Q: In the United States, a large number of bishops intend to answer the Roman church in the future blow for blow, as they say, with polemical writings of their own. [The reference was to a group of American bishops who in the mid-1990s announced plans to press Rome for certain reforms].
A:The number is not large, 30 bishops at most. Then too, I have spoken with one of the main leaders, and he stressed that they have been completely misinterpreted. We're good Catholics, loyal to the pope, he said, we just want to introduce better methods. I have read the writings in question very carefully, and I also said that I was fully in agreement with a whole series of things they mention, whereas I thought other things were rather dubious. I would say that there is no really out-and-out anti-Roman mood in the American episcopal conference. It has a certain breadth, which is also a good thing. There are only a few among them who are perhaps really somewhat extreme. But my impression is, after the fifteen years I have been here, that Rome and the United States have learned to get along much better. On the whole, we have a very good relationship with the American bishops' conference. It's a conference with great intellectual and religious capacity, with many outstanding pastors who are making an important contribution to the development of doctrine in the universal church. Its officers visit us here twice each year, and we have a very cordial relationship.

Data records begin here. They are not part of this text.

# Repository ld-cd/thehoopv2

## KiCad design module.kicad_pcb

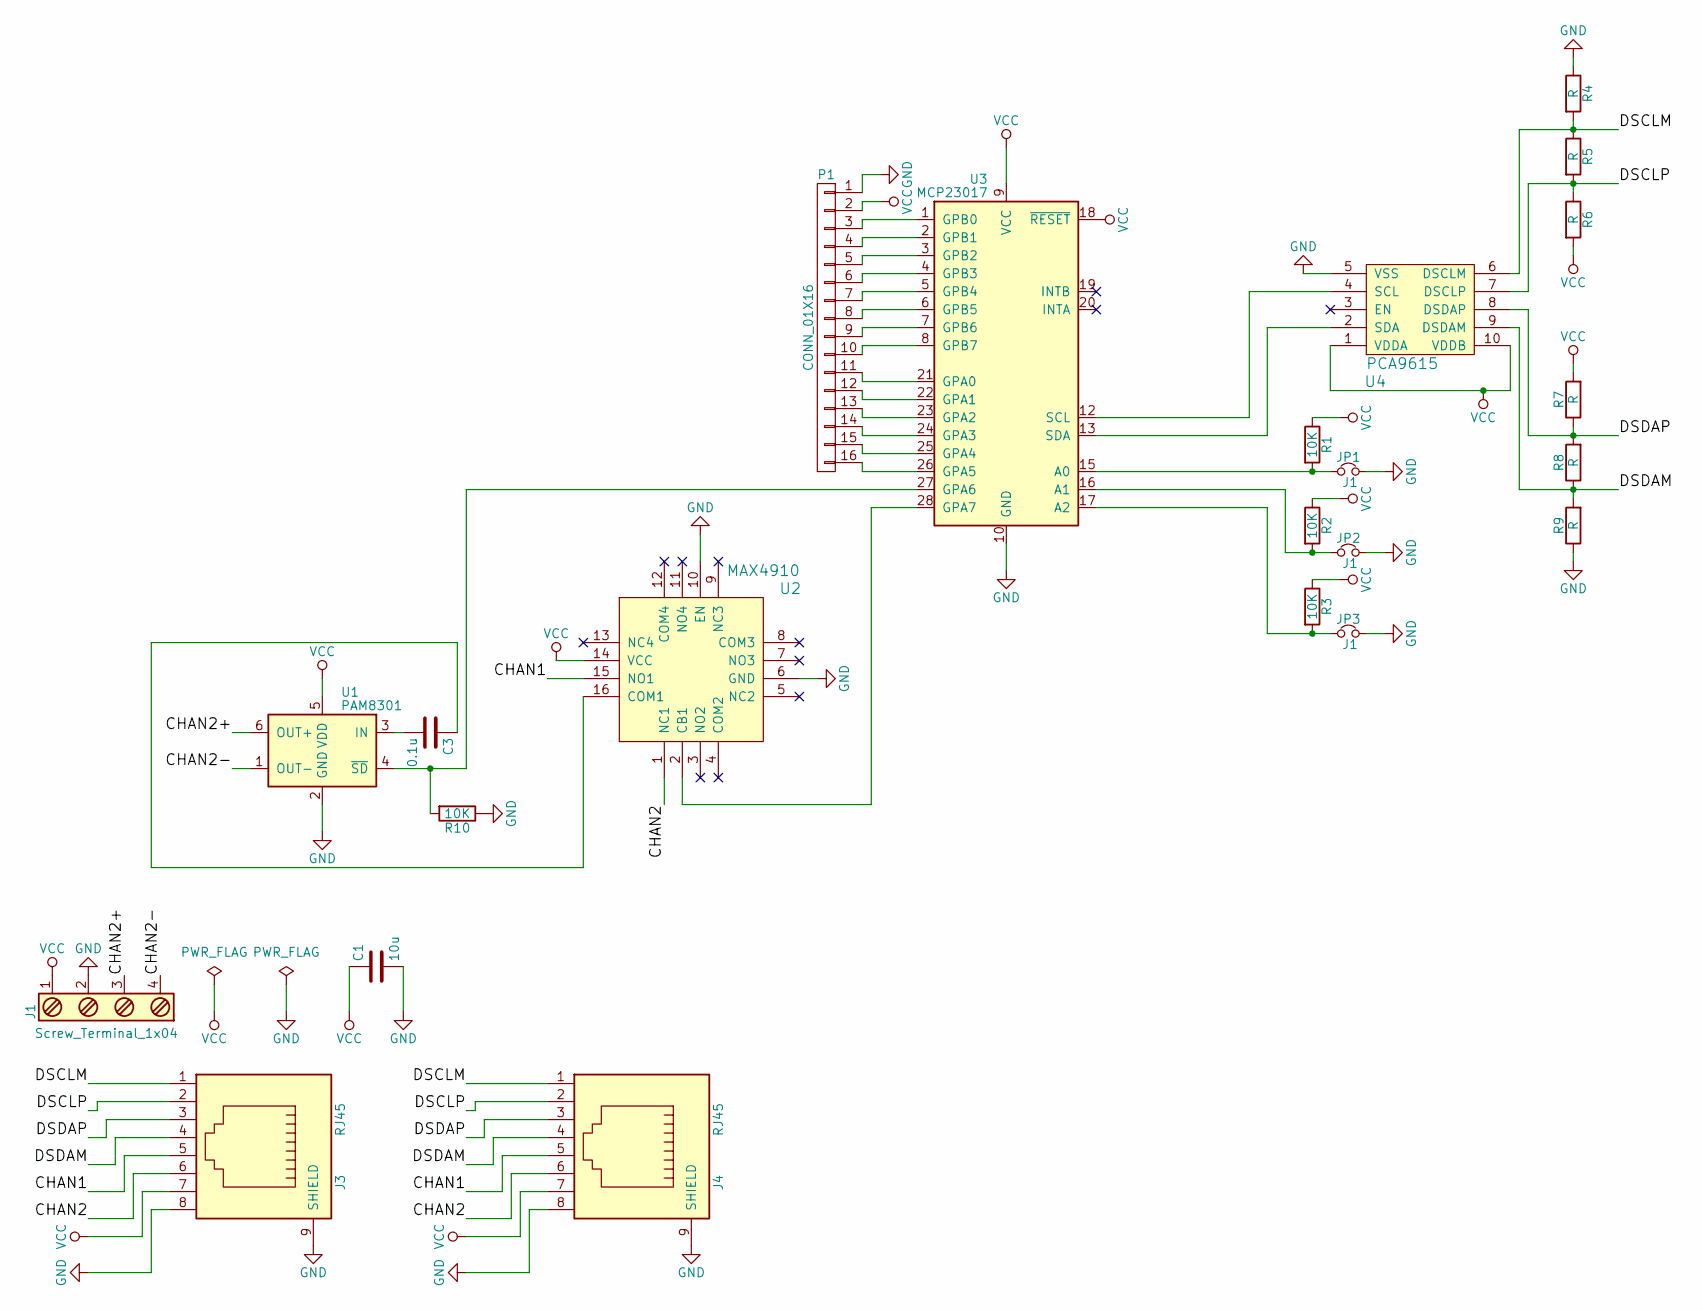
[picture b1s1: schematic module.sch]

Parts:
C1: 10u; C_0603
C3: 0.1u; C_0603
J1: Screw_Terminal_1x04; TerminalBlock_Pheonix_MKDS1.5-4pol
J3, J4: RJ45; rj45-8z4
JP1, JP2, JP3: J1; R_0603
P1: CONN_01X16; IDC_Header_Straight_16pins
R1, R2, R3, R10: 10K; R_0603
R4, R5, R6, R7, R8, R9: R; R_0603
U1: PAM8301; SOT-23-6
U2: MAX4910; QFN-16-1EP_3x3mm_Pitch0.5mm
U3: MCP23017; SSOP-28_5.3x10.2mm_Pitch0.65mm
U4: PCA9615; TSSOP-10_3x3mm_Pitch0.5mm

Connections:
/CHAN1: J3.5, J4.5, U2.15 (NO1)
/CHAN2: J3.6, J4.6, U2.1 (NC1)
/CHAN2+: J1.3, U1.6 (OUT+)
/CHAN2-: J1.4, U1.1 (OUT-)
/DSCLM: J3.1, J4.1, R4.2, R5.1, U4.6 (DSCLM)
/DSCLP: J3.2, J4.2, R5.2, R6.1, U4.7 (DSCLP)
/DSDAM: J3.4, J4.4, R8.1, R9.2, U4.9 (DSDAM)
/DSDAP: J3.3, J4.3, R7.1, R8.2, U4.8 (DSDAP)
GND: C1.2, J1.2, J3.8, J3.9 (SHIELD), J4.8, J4.9 (SHIELD), JP1.2, JP2.2, JP3.2, P1.1, R4.1, R9.1, R10.1, U1.2 (GND), U2.6 (GND), U2.10 (EN), U3.10 (GND), U4.5 (VSS)
unnamed: C3.1, U2.16 (COM1)
unnamed: C3.2, U1.3 (IN)
unnamed: JP1.1, R1.2, U3.15 (A0)
unnamed: JP2.1, R2.2, U3.16 (A1)
unnamed: JP3.1, R3.2, U3.17 (A2)
unnamed: P1.3, U3.1 (GPB0)
unnamed: P1.4, U3.2 (GPB1)
unnamed: P1.5, U3.3 (GPB2)
unnamed: P1.6, U3.4 (GPB3)
unnamed: P1.7, U3.5 (GPB4)
unnamed: P1.8, U3.6 (GPB5)
unnamed: P1.9, U3.7 (GPB6)
unnamed: P1.10, U3.8 (GPB7)
unnamed: P1.11, U3.21 (GPA0)
unnamed: P1.12, U3.22 (GPA1)
unnamed: P1.13, U3.23 (GPA2)
unnamed: P1.14, U3.24 (GPA3)
unnamed: P1.15, U3.25 (GPA4)
unnamed: P1.16, U3.26 (GPA5)
unnamed: R10.2, U1.4 (~SD), U3.27 (GPA6)
unnamed: U2.2 (CB1), U3.28 (GPA7)
unnamed: U3.12 (SCL), U4.4 (SCL)
unnamed: U3.13 (SDA), U4.2 (SDA)
VCC: C1.1, J1.1, J3.7, J4.7, P1.2, R1.1, R2.1, R3.1, R6.2, R7.2, U1.5 (VDD), U2.14 (VCC), U3.9 (VCC), U3.18 (~RESET), U4.1 (VDDA), U4.10 (VDDB)

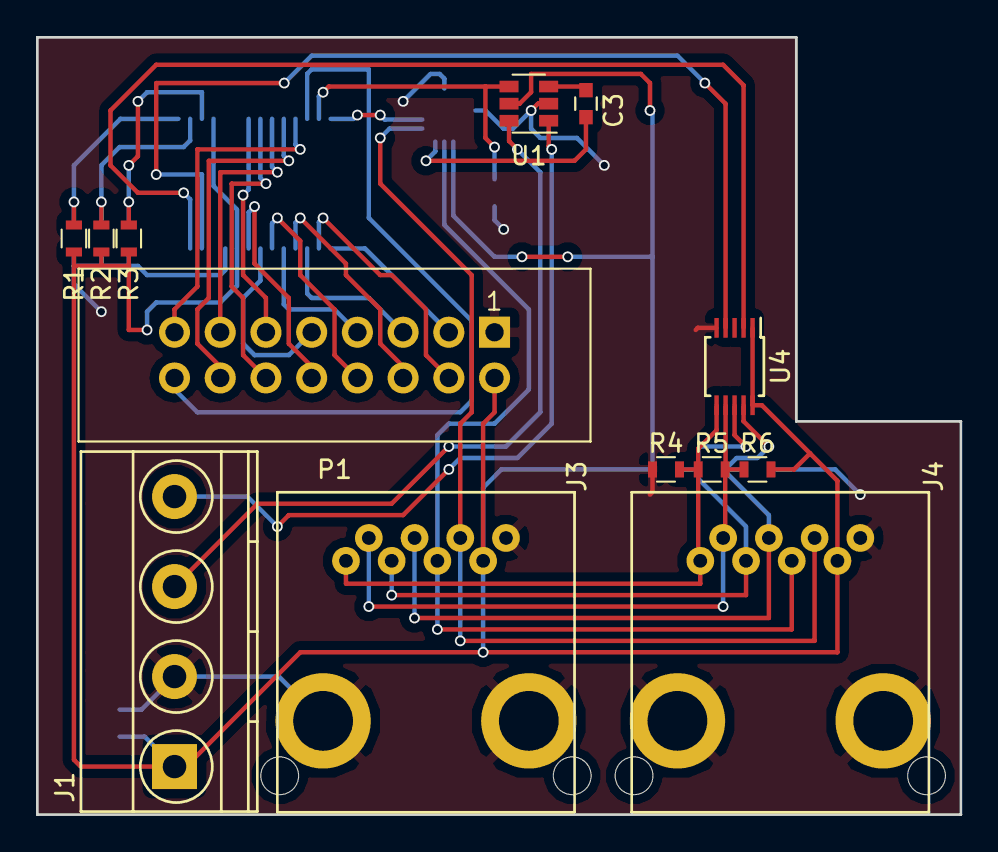
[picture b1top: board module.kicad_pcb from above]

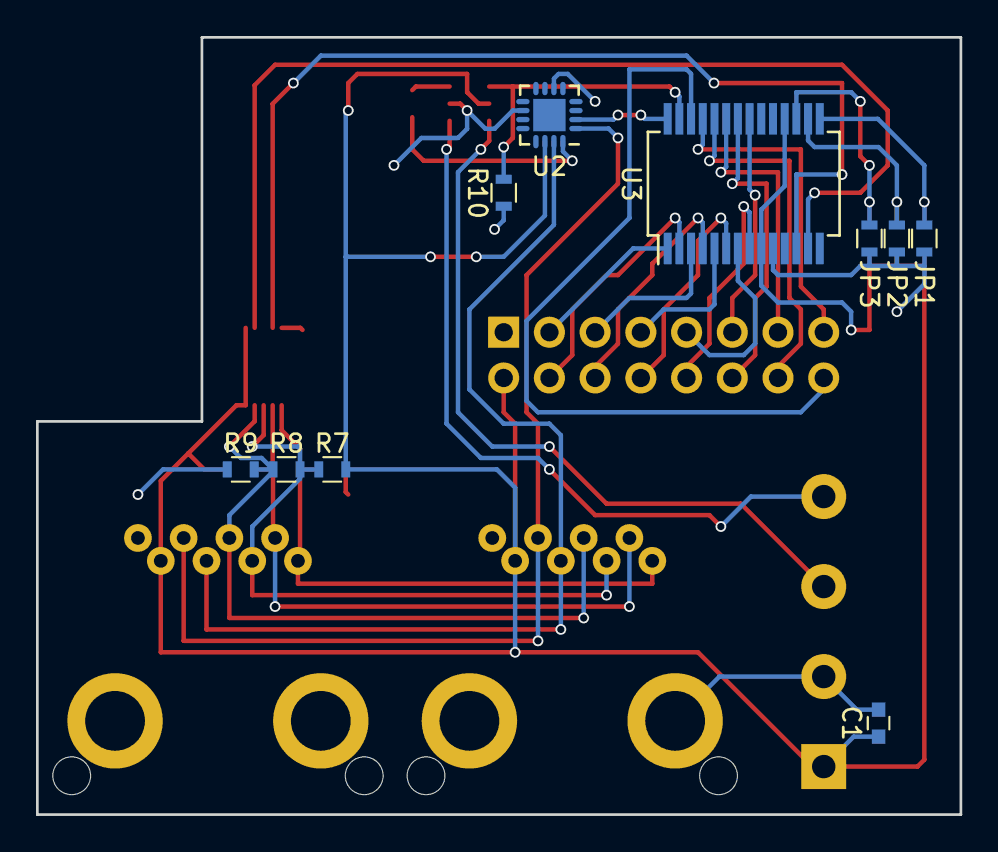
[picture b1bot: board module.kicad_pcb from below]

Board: 2 copper layers, 51.3 x 43.2 mm, 23 parts (10 on the bottom side), 33 nets.

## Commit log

2017-12-29 add bad readme

Q: Can the Church in North America profit from the religious awakening that is in the offing there?
A:Yes, I think so. Although we ought not to read too much into certain events and mass demonstrations of Catholicism, they do show that young people in search of religion feel they can have a home in the Catholic Church and that also the Pope is a reference point and a religious leader for them. Tensions have really eased in the last fifteen years, and there have been a lot of positive new developments. In America there is not only a movement of conversions among Anglican priests but also a completely new relationship to the Evangelicals, who were formerly the sharpest critics of the Catholic Church. At the Cairo and Beijing conferences a very interesting closeness between Evangelicals and Catholics developed, simply because they see that Catholicism doesn't, as they have thought until now, threaten the Bible and overlay it with some kind of papal domination, but that it is a guarantee that the Bible will be taken seriously. These new rapprochements won't lead to reunions anytime soon, but they show that Catholicism is once again an 'American' possibility.

Q: What might be spurring on the new religiosity in America?
A:There are undoubtedly many factors, which I can't analyze because I have so little knowledge of America. But there is a commitment to morality and a desire for religion. In addition, there is a protest against the predominance of modern media culture. Even what Hillary Clinton has said -- 'Turn off the television, don't put up with it anymore' -- shows that there is a broad current that says we no longer want simply to submit ourselves to this culture."

In one way or another -- save, perhaps, the reference to Hillary Clinton, which would violate the pope's rule of staying above the political fray -- all these ideas are likely to surface during Benedict's six days in the States.